Dataset items
**********
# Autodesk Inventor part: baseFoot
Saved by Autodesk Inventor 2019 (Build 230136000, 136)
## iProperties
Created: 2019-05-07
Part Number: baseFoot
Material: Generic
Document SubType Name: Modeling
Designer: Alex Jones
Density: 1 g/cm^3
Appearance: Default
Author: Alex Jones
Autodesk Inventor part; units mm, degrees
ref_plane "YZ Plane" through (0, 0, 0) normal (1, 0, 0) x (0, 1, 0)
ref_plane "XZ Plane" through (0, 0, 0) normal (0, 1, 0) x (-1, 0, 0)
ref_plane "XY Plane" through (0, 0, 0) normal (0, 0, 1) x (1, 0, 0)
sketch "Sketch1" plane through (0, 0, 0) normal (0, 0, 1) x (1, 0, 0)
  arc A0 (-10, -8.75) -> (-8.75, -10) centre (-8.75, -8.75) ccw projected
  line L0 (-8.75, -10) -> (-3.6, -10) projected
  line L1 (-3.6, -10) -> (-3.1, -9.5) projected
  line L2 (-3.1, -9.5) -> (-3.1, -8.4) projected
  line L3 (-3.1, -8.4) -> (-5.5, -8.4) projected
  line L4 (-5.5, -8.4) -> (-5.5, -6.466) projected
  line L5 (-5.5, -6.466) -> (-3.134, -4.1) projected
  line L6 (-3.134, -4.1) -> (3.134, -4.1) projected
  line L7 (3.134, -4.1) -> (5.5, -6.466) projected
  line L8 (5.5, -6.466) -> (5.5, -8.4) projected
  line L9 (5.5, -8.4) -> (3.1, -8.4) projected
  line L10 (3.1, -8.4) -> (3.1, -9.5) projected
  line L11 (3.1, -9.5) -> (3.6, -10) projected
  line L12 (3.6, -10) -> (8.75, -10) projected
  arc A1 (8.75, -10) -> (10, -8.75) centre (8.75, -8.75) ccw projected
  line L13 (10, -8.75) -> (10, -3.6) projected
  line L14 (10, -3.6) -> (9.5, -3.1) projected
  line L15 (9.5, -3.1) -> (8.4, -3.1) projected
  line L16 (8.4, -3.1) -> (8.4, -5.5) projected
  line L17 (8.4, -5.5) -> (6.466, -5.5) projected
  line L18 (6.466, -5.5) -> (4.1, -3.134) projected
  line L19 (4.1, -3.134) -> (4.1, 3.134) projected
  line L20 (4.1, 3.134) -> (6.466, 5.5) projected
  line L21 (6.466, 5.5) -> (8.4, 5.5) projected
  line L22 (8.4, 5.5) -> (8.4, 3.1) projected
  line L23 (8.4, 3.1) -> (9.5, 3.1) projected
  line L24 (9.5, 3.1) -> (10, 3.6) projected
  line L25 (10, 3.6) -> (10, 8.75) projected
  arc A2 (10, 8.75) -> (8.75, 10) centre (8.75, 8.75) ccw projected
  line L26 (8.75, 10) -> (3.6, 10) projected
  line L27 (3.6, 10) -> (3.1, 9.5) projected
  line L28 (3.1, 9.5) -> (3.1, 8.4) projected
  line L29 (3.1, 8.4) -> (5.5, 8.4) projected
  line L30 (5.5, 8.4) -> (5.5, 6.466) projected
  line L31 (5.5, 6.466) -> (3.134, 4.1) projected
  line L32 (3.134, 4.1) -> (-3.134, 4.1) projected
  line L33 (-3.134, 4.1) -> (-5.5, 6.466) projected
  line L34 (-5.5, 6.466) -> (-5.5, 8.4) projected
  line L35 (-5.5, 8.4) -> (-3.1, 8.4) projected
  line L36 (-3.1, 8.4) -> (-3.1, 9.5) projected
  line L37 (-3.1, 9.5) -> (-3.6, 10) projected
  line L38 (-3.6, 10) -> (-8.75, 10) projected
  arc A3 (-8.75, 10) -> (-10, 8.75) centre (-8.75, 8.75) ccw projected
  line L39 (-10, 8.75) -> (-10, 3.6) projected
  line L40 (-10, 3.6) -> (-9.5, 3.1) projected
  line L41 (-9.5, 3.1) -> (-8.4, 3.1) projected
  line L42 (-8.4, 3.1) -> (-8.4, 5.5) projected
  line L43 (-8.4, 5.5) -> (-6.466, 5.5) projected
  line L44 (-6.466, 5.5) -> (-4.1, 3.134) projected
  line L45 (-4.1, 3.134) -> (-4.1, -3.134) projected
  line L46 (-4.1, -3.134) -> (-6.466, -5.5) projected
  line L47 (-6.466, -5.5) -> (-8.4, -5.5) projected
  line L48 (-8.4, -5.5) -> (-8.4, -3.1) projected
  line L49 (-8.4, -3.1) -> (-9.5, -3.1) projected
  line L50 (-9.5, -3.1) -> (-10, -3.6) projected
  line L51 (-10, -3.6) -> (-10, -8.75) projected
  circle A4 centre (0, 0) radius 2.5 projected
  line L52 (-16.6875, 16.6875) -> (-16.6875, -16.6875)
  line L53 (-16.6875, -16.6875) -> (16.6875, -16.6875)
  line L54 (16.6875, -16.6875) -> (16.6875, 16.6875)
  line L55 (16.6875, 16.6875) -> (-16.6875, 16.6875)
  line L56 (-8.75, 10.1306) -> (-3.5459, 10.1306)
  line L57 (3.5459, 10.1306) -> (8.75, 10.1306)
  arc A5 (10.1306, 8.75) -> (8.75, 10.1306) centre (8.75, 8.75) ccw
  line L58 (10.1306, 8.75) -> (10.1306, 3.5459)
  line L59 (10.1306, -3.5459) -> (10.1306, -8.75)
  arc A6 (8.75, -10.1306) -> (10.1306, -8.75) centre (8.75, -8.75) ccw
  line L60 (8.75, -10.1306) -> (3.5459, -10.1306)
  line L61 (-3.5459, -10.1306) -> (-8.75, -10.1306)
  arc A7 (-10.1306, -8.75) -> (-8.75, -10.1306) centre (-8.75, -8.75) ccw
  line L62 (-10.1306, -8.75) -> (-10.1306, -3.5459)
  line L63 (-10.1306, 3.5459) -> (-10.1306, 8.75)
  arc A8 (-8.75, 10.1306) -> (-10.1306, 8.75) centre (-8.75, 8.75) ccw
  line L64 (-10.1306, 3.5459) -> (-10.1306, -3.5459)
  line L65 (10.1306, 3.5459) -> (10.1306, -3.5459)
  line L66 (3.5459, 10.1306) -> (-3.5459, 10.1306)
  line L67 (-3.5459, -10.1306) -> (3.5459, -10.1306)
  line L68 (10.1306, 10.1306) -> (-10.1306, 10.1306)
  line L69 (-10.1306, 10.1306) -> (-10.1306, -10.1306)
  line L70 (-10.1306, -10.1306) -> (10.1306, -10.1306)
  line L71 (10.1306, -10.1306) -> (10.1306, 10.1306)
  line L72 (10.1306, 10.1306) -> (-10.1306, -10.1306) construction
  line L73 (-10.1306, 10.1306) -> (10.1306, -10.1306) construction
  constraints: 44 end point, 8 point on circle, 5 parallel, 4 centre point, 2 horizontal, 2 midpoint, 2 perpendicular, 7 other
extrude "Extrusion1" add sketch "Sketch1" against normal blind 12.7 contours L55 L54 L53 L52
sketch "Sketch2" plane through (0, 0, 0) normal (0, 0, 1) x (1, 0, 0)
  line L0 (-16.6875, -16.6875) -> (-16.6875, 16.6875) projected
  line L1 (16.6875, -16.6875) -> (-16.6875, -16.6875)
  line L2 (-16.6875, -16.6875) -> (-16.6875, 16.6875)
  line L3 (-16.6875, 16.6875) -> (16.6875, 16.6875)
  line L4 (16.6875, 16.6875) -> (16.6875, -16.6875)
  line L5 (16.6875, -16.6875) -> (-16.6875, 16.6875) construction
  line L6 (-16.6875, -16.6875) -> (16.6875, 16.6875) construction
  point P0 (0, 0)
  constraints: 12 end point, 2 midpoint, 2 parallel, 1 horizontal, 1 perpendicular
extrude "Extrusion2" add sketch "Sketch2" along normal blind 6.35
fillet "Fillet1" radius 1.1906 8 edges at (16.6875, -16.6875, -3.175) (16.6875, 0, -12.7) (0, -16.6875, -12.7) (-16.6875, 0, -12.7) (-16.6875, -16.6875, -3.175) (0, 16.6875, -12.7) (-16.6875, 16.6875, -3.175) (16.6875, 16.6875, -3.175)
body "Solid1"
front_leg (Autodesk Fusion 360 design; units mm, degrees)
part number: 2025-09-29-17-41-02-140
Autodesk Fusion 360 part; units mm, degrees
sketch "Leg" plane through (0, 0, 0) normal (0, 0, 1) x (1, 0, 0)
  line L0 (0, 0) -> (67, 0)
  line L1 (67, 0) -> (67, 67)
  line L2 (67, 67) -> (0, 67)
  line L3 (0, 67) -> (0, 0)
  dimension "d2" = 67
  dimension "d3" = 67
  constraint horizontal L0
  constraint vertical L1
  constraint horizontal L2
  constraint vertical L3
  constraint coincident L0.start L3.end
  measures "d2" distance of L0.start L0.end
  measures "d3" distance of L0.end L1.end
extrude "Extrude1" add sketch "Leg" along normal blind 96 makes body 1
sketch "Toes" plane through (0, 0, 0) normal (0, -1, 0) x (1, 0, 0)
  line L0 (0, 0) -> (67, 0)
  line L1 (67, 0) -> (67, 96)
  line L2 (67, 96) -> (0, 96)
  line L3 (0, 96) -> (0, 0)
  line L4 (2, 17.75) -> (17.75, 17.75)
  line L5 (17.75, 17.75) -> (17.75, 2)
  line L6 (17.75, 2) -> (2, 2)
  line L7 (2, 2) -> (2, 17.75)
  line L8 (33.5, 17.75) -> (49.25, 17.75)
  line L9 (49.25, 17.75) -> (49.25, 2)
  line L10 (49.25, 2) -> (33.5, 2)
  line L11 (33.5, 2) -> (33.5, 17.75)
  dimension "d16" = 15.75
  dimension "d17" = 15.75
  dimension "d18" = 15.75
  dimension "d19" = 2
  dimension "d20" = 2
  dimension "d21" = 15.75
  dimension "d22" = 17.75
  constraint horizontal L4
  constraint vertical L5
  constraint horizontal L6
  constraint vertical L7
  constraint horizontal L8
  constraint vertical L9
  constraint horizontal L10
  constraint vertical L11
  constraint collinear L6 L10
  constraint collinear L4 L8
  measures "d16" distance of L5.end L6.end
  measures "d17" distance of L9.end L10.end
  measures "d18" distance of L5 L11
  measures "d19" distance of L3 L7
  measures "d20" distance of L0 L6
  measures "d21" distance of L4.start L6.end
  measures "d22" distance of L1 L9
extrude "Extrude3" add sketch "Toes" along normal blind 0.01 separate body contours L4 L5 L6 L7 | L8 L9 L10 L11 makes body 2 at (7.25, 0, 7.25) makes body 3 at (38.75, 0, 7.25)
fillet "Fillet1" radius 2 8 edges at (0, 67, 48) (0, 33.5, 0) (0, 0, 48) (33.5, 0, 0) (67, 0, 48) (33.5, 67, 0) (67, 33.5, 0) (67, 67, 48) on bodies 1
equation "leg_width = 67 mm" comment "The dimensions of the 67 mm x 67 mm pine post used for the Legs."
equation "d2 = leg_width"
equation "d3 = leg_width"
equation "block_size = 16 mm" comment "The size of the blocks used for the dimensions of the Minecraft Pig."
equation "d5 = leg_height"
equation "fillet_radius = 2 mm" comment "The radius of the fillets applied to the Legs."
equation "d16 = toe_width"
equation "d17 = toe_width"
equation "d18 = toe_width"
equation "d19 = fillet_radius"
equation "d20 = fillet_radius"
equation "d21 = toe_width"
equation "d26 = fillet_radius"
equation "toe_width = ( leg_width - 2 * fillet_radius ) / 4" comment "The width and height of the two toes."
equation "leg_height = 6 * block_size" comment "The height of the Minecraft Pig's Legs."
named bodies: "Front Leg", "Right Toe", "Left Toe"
**********
### What the task asks
The answer must consist of every line from the data that contains the word "contours".

### Written response
extrude "Extrusion1" add sketch "Sketch1" against normal blind 12.7 contours L55 L54 L53 L52
extrude "Extrude3" add sketch "Toes" along normal blind 0.01 separate body contours L4 L5 L6 L7 | L8 L9 L10 L11 makes body 2 at (7.25, 0, 7.25) makes body 3 at (38.75, 0, 7.25)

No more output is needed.